What does turn me off is a constant barrage of emails or calls trying to force
sell me on the product. If I hear from you more than 2 or 3 times and I
haven't responded you may get either a nasty response from me to stop
calling/emailing or just get a rule created to auto delete your messages.

Another good avenue is to check Meetup.com for events in your area. Try to
attend as many as you can where you think the audience may be in your target
market or at least have contacts within your market. Signup for notifications
of upcoming events in your area as well. I have had great success meeting
people at random events that I hadn't even thought to attend.

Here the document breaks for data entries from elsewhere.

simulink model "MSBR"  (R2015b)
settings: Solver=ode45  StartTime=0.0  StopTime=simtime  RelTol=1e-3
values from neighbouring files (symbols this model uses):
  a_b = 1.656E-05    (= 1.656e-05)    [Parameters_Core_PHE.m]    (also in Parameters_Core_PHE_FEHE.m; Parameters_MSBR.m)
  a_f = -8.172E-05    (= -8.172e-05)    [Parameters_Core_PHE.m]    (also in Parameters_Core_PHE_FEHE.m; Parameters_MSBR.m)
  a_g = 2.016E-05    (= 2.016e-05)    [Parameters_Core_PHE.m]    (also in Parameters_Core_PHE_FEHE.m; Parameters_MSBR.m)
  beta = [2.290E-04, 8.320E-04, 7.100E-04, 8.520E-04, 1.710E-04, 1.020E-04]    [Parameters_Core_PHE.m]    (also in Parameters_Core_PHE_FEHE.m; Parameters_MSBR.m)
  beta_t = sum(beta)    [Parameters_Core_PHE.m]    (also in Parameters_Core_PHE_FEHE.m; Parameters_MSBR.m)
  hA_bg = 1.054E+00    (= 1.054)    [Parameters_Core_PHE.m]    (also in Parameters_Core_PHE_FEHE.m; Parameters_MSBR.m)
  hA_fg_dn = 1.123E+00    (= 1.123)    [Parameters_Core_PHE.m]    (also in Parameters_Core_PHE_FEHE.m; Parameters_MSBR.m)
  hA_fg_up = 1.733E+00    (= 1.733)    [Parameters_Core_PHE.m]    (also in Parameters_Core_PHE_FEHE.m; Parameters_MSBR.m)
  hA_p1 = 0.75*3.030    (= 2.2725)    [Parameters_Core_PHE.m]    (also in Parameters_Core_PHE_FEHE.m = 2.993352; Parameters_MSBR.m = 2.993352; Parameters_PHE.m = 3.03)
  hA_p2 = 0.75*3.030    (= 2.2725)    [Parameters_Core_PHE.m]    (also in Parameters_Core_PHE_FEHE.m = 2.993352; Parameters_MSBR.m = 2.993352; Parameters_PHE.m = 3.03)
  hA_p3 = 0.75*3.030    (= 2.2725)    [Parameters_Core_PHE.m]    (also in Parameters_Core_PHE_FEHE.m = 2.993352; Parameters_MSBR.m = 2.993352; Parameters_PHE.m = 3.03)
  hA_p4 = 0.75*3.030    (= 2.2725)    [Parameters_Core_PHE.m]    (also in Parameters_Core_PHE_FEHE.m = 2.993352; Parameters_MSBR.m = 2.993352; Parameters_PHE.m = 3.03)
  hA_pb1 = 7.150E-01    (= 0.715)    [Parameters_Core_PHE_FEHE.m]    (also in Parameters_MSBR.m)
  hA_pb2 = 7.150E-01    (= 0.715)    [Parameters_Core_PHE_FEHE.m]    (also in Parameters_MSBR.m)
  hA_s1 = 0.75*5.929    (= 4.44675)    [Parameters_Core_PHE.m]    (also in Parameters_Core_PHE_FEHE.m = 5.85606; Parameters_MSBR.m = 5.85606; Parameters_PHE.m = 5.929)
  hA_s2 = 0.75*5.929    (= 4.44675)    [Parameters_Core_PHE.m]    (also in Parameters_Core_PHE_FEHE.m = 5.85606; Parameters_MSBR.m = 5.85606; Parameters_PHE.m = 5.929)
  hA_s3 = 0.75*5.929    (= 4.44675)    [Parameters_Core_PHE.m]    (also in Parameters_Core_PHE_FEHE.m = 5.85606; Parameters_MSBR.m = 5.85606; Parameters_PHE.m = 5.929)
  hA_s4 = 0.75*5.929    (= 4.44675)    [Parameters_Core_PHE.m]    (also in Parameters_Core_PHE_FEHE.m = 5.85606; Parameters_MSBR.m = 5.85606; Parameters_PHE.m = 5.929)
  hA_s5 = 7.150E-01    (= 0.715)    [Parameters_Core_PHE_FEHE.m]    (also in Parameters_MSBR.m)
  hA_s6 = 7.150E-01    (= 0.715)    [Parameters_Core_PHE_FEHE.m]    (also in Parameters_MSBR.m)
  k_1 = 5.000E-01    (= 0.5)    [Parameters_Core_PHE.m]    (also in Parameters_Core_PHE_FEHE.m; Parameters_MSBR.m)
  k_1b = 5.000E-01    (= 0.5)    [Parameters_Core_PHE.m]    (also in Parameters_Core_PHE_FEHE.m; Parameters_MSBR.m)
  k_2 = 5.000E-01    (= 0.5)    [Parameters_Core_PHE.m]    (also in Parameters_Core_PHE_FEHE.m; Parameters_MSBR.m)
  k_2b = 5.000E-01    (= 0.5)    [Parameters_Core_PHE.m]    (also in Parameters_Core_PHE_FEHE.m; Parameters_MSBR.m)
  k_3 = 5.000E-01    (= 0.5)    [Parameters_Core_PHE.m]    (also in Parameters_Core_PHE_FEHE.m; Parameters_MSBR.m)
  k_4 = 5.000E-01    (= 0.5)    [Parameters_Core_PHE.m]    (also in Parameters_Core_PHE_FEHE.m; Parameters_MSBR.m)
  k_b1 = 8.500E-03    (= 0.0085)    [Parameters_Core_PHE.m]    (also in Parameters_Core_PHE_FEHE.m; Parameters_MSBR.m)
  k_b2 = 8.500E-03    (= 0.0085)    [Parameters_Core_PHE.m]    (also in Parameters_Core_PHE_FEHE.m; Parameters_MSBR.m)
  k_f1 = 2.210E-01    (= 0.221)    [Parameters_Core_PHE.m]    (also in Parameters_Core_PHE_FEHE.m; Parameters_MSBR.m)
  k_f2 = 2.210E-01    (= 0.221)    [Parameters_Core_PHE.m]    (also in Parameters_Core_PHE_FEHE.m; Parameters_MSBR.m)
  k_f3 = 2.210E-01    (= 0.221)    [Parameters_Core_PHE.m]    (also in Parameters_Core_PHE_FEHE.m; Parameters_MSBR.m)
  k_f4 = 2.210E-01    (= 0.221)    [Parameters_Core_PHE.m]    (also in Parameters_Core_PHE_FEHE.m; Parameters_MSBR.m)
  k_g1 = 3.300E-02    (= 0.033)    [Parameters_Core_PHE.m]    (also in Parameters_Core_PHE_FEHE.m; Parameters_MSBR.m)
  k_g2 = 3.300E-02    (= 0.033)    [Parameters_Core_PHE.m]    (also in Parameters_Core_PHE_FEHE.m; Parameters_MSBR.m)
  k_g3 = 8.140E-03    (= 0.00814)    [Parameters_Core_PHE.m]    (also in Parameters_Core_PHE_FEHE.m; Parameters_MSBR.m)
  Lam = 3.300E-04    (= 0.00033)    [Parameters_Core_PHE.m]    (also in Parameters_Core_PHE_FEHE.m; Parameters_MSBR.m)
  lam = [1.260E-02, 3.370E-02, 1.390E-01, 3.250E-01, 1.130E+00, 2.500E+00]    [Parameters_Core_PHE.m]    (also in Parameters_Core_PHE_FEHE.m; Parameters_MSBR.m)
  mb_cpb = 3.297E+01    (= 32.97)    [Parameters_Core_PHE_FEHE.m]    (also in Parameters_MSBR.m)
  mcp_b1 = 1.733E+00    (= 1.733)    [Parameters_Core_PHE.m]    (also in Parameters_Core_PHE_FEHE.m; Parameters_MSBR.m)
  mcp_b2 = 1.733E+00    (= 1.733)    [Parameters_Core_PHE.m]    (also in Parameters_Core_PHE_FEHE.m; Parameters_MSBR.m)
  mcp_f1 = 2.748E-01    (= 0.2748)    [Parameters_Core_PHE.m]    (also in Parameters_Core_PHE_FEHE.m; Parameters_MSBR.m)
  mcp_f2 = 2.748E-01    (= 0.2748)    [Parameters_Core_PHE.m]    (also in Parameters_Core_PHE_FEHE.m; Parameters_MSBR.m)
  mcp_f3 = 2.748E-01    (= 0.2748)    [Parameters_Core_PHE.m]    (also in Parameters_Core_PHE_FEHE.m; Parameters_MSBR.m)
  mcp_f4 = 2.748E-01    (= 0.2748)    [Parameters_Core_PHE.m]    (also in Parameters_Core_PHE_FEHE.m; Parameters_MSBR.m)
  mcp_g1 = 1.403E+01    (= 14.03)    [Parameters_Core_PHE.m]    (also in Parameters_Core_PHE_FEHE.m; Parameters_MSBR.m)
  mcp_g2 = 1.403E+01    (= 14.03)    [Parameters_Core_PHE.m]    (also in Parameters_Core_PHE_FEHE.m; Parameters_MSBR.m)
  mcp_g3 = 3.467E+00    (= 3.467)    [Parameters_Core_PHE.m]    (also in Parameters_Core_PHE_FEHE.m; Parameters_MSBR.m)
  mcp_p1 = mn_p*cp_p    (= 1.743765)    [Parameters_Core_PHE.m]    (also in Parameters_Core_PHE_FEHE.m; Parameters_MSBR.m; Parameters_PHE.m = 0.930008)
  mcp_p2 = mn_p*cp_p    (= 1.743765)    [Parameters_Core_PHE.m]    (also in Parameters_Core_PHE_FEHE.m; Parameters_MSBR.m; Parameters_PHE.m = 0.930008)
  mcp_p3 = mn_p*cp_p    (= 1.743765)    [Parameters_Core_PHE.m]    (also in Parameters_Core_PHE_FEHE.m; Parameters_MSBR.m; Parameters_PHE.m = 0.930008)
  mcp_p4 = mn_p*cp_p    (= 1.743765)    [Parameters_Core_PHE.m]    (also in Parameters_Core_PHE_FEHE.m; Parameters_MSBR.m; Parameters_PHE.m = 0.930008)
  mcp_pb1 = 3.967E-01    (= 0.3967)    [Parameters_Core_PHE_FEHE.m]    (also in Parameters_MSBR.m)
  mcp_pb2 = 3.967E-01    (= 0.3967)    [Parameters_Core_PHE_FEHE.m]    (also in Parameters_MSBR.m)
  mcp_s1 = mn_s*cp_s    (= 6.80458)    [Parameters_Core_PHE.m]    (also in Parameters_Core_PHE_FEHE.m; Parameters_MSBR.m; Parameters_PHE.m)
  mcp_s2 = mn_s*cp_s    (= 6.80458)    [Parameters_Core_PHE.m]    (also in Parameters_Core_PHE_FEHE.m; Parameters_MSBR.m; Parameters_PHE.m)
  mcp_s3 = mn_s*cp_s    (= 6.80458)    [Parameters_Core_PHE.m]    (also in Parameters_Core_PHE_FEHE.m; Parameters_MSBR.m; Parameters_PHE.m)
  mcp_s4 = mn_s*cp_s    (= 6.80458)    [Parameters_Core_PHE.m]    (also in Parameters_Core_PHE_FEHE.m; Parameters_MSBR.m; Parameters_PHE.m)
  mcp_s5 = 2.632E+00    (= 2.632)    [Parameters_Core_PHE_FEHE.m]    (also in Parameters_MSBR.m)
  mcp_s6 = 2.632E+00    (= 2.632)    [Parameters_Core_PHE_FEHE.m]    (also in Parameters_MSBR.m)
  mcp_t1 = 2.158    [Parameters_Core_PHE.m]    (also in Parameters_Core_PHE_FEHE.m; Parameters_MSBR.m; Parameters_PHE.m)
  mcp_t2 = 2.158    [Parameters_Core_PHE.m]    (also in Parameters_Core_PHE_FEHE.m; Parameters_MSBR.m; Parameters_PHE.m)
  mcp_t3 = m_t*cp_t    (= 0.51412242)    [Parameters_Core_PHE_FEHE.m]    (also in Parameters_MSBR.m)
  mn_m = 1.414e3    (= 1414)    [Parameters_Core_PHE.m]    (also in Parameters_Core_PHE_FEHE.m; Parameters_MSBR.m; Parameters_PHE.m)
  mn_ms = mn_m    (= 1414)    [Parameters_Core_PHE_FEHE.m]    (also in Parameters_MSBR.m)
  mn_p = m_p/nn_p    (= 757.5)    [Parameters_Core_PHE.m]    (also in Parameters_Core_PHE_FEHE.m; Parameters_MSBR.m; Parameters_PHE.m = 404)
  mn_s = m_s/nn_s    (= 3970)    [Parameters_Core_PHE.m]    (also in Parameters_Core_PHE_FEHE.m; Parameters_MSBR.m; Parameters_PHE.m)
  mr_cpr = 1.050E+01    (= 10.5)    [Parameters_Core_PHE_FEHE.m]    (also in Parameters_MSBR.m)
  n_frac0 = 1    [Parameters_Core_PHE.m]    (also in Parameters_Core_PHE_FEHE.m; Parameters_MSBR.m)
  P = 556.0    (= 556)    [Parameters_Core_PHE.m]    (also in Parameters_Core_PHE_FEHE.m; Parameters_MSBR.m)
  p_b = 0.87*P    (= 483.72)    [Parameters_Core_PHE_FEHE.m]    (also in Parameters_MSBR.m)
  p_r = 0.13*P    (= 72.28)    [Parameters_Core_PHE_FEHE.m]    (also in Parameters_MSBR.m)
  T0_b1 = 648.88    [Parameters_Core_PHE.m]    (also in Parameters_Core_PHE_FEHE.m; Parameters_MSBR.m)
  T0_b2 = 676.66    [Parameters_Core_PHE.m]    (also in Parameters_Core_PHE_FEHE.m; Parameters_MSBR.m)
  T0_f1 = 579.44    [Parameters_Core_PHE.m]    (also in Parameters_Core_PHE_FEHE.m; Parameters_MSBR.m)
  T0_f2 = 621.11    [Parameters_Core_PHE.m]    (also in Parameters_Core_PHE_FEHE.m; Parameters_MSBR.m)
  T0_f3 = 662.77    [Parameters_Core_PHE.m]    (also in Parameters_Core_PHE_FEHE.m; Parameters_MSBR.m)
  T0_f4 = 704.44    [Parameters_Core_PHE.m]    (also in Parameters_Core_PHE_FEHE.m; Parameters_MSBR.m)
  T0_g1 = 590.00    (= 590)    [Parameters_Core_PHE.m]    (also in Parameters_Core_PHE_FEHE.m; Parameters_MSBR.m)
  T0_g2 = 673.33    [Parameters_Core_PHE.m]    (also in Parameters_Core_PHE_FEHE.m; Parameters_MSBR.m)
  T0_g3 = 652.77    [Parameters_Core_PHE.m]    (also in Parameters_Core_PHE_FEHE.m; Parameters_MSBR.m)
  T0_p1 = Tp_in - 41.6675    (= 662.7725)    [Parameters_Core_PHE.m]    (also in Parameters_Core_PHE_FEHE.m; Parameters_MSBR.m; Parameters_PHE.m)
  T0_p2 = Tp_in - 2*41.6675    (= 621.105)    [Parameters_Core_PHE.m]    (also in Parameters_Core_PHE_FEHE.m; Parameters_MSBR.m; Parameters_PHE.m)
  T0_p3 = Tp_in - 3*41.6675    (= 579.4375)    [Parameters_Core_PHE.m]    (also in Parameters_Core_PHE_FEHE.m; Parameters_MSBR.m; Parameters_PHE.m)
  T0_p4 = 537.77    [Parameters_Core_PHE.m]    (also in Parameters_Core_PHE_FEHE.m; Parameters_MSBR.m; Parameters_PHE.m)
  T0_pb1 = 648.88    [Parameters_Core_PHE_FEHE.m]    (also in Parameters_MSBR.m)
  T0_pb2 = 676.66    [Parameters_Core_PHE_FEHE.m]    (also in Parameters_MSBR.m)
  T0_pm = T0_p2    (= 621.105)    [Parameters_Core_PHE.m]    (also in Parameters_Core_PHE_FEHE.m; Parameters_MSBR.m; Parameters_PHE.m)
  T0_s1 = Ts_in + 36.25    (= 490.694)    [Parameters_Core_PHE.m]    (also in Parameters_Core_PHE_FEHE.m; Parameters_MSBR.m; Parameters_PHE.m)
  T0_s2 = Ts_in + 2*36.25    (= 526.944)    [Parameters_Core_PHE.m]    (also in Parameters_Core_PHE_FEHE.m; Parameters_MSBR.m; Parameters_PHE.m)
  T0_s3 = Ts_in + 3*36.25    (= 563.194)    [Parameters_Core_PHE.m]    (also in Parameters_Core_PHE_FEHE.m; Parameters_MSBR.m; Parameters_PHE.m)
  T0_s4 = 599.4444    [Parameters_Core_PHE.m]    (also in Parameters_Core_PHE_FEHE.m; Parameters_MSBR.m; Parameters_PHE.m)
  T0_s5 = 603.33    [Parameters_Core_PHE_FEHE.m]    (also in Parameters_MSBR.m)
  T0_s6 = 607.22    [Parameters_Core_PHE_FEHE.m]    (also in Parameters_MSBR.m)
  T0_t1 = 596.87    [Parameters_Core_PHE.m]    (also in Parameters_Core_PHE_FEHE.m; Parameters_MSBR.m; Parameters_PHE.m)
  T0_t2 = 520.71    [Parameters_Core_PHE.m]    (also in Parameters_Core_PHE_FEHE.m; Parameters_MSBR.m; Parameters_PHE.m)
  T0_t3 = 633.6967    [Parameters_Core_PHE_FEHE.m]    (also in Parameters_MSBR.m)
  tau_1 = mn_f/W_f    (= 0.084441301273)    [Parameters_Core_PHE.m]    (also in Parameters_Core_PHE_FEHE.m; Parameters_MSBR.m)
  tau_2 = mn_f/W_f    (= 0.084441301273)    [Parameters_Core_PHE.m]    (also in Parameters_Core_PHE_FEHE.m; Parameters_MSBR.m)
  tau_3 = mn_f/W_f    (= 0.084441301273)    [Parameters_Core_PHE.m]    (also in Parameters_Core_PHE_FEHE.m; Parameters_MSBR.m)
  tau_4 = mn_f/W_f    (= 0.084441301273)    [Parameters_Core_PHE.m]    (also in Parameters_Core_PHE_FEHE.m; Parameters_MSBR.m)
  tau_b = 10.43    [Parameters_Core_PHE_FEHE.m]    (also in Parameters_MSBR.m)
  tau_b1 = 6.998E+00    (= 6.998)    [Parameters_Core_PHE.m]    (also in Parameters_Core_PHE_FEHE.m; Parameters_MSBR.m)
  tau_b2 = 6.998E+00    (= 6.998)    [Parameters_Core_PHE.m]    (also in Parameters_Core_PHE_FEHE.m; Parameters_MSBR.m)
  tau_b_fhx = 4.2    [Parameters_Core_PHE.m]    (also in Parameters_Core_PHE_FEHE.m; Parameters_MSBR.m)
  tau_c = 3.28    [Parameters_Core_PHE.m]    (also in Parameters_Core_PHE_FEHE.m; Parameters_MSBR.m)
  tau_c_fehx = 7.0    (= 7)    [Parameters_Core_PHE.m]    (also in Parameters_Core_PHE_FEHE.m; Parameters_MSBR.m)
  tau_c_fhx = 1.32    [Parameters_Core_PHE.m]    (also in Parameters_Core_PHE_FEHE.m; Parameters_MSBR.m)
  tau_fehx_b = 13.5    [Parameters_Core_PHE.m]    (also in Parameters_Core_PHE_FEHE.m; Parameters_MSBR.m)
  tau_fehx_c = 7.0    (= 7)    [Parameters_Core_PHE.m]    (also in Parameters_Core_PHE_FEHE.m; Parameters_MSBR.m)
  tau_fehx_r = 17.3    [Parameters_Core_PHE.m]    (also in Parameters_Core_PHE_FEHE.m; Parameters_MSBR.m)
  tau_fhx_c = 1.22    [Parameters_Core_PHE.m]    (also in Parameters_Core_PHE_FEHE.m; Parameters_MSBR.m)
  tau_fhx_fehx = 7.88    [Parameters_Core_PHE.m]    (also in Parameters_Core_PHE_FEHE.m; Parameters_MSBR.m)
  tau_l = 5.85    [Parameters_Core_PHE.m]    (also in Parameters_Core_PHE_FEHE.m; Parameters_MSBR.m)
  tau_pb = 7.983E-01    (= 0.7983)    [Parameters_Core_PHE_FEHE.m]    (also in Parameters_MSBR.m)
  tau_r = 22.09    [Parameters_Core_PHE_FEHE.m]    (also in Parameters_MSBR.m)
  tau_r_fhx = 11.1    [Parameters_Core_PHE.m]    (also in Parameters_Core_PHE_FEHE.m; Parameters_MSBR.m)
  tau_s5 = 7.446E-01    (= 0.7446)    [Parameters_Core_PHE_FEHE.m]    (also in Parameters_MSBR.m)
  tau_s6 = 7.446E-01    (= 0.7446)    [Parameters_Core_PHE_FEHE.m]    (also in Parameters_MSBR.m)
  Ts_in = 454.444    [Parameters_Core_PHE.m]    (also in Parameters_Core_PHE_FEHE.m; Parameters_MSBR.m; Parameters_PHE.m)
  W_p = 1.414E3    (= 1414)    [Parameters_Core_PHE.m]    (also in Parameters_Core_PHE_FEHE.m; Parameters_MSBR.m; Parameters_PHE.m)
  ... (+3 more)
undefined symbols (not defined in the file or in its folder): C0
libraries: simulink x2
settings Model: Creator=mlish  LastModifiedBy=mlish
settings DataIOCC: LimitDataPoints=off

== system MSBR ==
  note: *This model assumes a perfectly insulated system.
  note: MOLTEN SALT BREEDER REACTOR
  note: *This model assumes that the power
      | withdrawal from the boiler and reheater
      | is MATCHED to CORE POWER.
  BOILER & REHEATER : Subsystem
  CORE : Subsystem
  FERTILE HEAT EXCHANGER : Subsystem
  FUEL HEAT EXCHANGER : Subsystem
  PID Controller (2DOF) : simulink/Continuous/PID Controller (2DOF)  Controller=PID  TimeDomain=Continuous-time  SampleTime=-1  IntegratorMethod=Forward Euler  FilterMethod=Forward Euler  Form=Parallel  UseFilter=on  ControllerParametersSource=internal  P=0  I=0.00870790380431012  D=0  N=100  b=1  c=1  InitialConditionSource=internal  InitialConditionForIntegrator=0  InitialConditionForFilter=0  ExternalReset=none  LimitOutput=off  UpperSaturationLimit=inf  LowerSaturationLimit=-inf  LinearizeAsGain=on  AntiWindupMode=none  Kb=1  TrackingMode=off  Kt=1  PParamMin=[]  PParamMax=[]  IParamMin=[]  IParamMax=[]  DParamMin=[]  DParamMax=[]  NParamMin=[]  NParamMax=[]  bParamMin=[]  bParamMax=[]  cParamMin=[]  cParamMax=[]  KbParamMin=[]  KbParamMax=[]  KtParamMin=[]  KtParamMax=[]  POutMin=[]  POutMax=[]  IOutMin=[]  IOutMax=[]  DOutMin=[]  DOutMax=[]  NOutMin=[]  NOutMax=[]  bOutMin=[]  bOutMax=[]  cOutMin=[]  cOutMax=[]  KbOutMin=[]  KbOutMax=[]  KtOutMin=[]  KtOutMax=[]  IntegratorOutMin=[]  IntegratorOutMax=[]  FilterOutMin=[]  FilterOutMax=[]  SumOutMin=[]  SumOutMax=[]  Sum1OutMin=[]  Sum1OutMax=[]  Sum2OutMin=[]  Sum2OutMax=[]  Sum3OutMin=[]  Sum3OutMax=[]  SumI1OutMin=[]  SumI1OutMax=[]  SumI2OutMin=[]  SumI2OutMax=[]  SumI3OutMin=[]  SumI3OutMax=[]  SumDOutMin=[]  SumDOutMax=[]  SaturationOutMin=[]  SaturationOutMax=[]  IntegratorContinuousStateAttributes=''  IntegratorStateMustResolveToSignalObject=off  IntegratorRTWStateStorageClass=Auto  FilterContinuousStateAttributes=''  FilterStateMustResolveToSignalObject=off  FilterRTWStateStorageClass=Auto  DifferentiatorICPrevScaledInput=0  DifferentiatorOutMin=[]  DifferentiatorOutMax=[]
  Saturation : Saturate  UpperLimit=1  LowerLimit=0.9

Even if you
don't get a sale out of the event, making one new contact at each event can
pay off huge down the road.

------
lafay
I think networking is essential here. Ask your friends (and friends of
friends) to introduce you to HR / legal folks within their employers. Be
politely persistent. It may take several asks, especially for the most
important connections.

Well-crafted cold emails are remarkably effective. Subject lines are key,
concise content, close with a specific ask ("can we speak / meet at this date
and time?") Lots of good content and examples out there on this. If no reply,
send a follow-up three days later politely asking for a response.

------
JSeymourATL
The ability to actually pick-up the phone and call prospects separates then
men from the boys in this game. Yes, cold email can be useful to start a
dialogue. But true business developers know they must use the phone.

Here's a solid read on the subject by Mike Weinberg, if you read nothing
else-- Chapter 14 Planning & Executing the Attack is brilliant! >
[http://www.goodreads.com/author/show/6482841.Mike_Weinberg](http://www.goodreads.com/author/show/6482841.Mike_Weinberg)